> **Material provided**
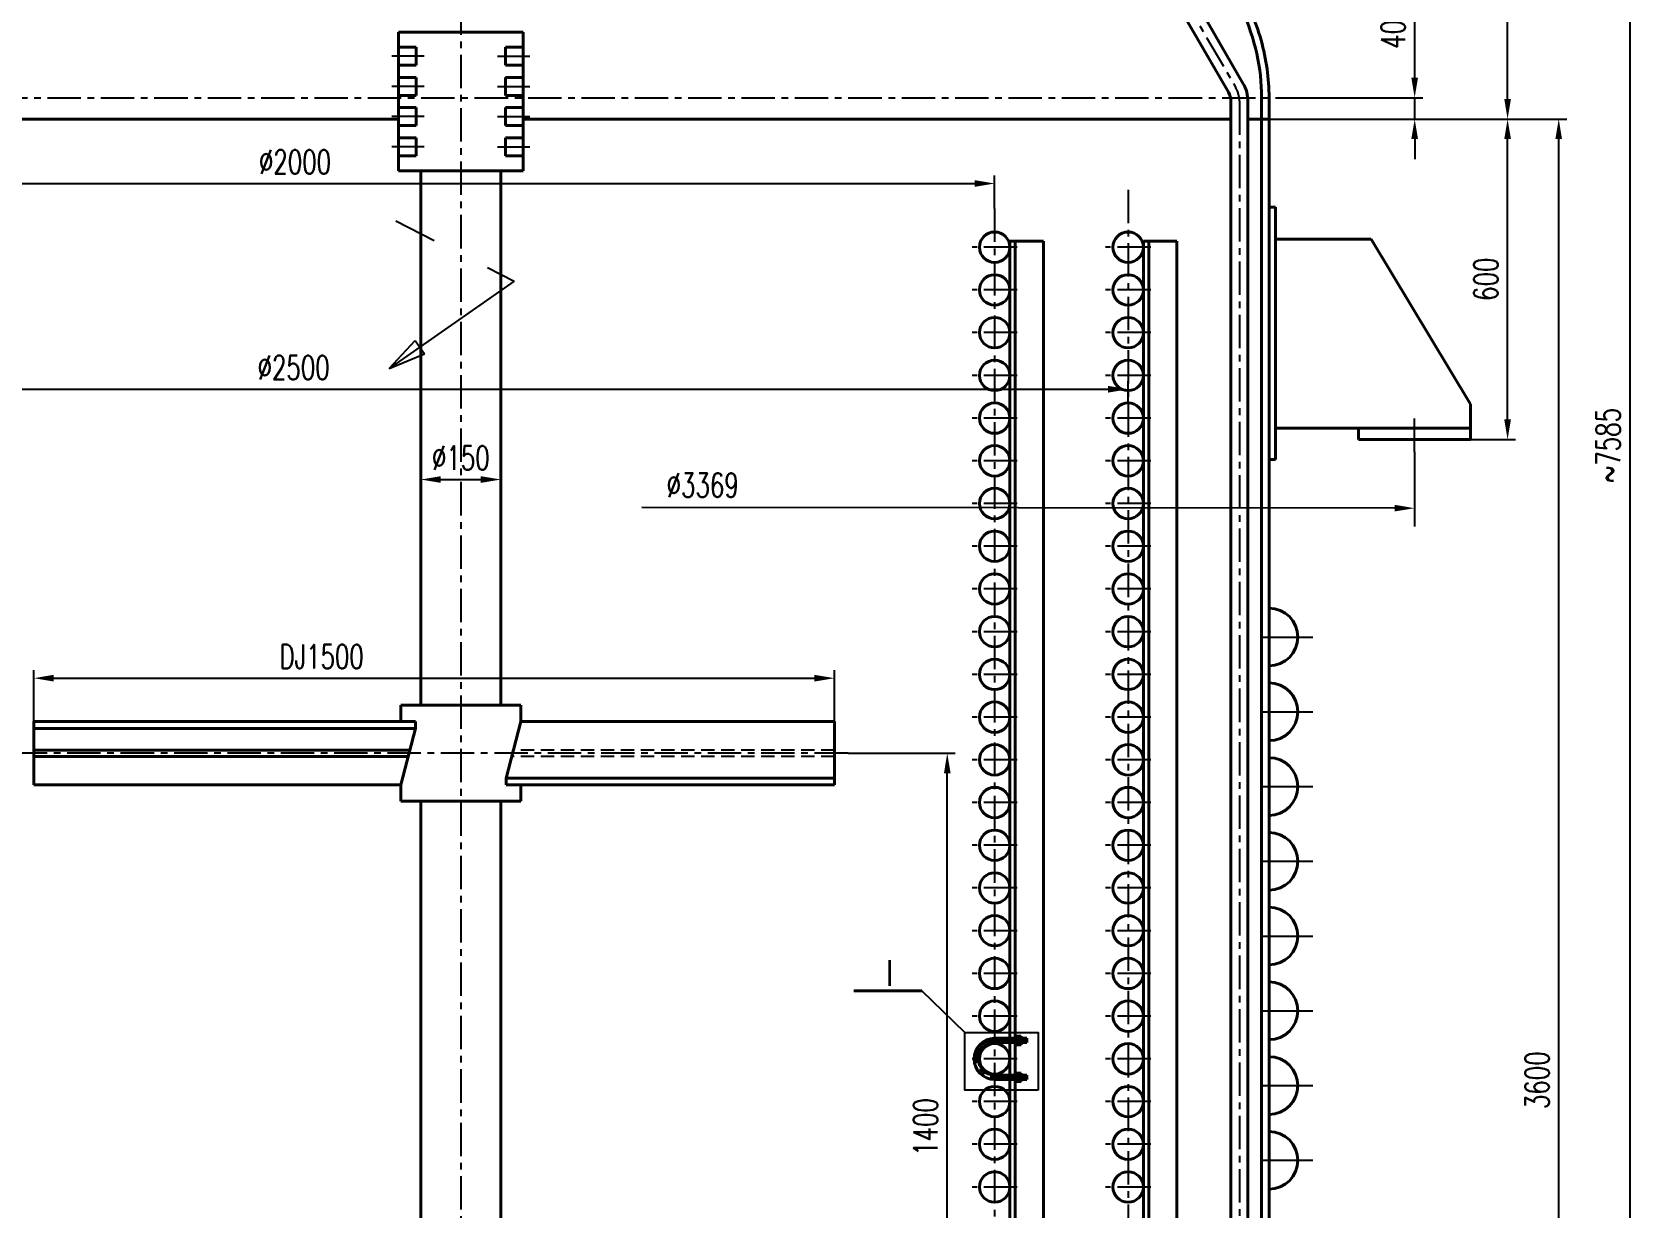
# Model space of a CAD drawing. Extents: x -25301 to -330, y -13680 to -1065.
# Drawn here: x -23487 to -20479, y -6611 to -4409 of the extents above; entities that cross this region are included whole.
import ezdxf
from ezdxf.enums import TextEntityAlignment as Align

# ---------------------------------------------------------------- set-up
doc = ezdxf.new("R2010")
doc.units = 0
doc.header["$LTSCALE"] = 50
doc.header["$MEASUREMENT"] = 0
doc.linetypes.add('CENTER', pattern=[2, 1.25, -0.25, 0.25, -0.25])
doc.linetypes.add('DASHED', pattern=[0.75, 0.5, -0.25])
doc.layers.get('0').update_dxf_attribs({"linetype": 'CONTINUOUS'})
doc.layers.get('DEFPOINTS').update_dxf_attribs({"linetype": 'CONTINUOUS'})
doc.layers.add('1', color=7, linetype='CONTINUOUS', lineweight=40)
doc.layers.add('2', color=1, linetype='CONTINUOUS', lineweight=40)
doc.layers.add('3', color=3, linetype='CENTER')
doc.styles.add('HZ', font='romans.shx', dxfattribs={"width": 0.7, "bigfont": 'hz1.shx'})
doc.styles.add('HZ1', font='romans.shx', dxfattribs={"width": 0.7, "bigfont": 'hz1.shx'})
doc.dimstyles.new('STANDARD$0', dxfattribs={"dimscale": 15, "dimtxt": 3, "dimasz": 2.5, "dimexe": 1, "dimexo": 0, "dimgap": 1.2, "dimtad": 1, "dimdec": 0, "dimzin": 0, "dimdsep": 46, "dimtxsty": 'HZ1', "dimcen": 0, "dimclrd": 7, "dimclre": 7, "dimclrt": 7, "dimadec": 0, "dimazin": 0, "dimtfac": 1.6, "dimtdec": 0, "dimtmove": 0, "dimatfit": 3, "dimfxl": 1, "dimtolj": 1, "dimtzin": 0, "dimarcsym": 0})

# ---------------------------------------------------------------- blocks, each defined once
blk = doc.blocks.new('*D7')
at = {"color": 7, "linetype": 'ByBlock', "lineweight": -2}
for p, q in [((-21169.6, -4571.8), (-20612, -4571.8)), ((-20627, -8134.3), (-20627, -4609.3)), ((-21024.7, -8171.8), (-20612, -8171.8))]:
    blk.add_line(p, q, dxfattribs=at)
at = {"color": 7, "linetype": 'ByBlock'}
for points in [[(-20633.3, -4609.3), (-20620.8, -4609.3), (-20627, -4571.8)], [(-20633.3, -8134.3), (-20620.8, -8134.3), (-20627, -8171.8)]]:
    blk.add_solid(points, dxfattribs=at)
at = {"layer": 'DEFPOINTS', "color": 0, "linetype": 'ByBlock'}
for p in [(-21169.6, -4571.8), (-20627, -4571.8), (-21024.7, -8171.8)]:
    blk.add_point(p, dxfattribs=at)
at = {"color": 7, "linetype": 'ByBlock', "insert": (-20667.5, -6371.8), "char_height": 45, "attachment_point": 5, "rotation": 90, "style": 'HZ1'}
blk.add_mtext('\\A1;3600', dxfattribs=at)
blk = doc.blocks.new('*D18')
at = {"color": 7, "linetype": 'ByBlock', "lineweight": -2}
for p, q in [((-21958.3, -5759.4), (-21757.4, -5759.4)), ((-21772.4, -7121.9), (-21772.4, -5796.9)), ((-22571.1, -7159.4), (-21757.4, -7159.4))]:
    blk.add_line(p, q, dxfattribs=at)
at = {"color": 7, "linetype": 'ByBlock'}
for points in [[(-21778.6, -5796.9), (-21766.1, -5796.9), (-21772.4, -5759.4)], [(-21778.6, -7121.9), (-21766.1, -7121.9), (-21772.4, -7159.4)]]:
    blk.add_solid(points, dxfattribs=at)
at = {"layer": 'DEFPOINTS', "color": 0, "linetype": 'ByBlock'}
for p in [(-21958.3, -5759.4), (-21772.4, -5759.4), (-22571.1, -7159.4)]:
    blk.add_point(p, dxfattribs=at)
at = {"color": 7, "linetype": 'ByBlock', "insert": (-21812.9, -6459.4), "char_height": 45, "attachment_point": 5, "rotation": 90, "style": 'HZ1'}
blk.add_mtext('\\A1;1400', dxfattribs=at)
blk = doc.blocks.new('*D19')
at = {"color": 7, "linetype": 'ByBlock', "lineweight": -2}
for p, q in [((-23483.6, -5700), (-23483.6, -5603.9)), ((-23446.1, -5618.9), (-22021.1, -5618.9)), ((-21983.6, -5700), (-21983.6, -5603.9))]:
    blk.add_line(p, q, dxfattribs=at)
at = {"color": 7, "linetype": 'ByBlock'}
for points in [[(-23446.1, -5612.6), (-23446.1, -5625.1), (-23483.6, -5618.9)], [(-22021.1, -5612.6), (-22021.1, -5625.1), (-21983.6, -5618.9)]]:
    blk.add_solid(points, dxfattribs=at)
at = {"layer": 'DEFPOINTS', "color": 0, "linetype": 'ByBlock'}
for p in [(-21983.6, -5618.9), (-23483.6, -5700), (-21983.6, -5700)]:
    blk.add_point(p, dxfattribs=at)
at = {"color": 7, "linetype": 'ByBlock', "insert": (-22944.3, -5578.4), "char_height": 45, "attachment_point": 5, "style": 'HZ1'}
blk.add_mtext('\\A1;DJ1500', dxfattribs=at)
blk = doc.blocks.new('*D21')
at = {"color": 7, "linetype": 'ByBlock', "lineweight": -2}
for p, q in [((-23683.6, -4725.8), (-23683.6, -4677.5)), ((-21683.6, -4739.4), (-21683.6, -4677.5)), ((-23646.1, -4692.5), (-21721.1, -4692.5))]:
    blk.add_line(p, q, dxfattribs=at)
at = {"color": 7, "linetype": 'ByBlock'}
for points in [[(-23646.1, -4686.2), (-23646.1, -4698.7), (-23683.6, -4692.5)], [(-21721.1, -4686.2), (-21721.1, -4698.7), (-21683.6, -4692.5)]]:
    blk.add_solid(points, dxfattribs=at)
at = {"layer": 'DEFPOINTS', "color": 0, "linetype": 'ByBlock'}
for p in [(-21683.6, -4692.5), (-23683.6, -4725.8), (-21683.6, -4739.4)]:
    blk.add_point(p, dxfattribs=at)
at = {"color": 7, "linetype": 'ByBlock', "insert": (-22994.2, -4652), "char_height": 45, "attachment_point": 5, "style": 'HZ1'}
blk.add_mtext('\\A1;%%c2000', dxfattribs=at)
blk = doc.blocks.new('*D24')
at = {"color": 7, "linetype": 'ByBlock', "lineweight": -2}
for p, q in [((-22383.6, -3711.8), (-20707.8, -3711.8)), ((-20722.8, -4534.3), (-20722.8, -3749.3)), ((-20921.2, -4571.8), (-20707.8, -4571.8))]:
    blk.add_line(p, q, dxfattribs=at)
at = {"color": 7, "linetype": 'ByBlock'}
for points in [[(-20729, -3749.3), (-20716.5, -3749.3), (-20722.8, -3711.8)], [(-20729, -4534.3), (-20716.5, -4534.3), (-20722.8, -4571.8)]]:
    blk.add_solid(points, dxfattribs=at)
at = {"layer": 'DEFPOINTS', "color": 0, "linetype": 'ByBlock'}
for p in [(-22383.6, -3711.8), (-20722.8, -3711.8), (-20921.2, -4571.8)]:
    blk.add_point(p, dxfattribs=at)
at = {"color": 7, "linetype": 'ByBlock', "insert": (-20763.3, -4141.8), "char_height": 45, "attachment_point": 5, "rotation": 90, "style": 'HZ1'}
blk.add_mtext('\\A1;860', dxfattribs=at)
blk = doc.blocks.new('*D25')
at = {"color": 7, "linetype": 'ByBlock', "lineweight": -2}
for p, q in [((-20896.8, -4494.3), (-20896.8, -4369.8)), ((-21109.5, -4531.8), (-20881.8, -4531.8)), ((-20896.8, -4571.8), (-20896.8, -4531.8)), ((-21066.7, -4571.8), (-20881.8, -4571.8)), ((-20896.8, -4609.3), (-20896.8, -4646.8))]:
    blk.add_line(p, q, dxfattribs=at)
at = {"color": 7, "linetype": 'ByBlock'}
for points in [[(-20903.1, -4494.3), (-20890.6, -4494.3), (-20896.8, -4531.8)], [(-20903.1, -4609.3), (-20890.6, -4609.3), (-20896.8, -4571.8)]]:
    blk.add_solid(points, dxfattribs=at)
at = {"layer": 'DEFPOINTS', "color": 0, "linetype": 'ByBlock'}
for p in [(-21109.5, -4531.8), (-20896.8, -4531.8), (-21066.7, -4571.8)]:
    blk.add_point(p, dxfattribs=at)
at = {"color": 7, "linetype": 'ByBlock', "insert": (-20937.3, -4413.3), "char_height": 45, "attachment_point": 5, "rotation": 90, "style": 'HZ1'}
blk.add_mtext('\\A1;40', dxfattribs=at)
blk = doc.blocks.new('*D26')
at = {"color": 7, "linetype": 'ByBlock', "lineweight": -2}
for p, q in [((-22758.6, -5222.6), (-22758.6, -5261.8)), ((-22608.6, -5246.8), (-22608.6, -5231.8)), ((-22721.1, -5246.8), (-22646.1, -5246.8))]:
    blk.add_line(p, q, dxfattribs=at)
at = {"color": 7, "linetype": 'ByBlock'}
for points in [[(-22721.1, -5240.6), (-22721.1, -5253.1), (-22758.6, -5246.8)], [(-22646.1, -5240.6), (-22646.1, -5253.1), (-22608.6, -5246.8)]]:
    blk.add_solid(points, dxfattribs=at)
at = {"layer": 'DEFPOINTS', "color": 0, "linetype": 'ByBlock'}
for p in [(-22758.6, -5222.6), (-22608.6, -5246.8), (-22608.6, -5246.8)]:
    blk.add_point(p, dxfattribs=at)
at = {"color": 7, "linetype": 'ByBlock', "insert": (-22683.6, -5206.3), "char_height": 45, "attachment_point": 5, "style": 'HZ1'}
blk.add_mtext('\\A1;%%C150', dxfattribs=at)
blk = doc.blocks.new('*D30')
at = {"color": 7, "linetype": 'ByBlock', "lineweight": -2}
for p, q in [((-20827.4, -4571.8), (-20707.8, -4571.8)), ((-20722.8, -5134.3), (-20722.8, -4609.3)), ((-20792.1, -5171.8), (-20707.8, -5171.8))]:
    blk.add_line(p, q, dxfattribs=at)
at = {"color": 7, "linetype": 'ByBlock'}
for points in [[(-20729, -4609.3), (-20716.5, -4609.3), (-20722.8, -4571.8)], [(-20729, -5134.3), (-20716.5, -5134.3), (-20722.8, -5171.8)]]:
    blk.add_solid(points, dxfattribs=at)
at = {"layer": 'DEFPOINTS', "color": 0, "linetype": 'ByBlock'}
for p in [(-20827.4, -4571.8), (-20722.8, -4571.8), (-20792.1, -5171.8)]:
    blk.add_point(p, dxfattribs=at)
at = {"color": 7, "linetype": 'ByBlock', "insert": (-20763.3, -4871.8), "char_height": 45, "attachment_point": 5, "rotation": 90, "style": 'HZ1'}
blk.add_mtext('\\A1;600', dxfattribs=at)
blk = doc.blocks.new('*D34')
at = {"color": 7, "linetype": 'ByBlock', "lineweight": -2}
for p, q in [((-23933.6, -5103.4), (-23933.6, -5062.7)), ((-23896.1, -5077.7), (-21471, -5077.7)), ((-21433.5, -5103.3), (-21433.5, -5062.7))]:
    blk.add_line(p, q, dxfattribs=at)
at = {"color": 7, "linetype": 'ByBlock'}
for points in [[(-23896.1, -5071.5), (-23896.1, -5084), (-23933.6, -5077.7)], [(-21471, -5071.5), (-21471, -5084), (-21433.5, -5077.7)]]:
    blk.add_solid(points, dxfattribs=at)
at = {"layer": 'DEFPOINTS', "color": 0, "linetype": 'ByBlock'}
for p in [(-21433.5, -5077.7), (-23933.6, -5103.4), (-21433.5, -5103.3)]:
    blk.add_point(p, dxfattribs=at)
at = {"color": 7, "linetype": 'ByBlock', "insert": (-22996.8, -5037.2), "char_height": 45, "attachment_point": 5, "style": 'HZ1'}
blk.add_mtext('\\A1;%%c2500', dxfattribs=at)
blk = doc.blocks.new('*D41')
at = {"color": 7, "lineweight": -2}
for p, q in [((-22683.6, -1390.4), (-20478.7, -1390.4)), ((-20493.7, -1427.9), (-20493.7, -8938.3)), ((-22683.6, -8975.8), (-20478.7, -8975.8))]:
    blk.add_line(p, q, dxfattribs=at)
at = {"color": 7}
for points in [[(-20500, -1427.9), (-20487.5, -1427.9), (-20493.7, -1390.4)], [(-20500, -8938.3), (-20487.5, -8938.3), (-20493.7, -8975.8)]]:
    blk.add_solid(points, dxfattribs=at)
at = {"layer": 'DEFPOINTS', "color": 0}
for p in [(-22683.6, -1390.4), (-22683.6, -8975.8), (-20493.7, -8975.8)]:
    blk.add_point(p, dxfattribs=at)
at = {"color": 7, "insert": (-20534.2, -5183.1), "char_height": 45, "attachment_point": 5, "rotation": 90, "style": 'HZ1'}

> **What you are asked to do**
Where a line above contains the word "romans", copy that line.

> **Solution**
doc.styles.add('HZ', font='romans.shx', dxfattribs={"width": 0.7, "bigfont": 'hz1.shx'})
doc.styles.add('HZ1', font='romans.shx', dxfattribs={"width": 0.7, "bigfont": 'hz1.shx'})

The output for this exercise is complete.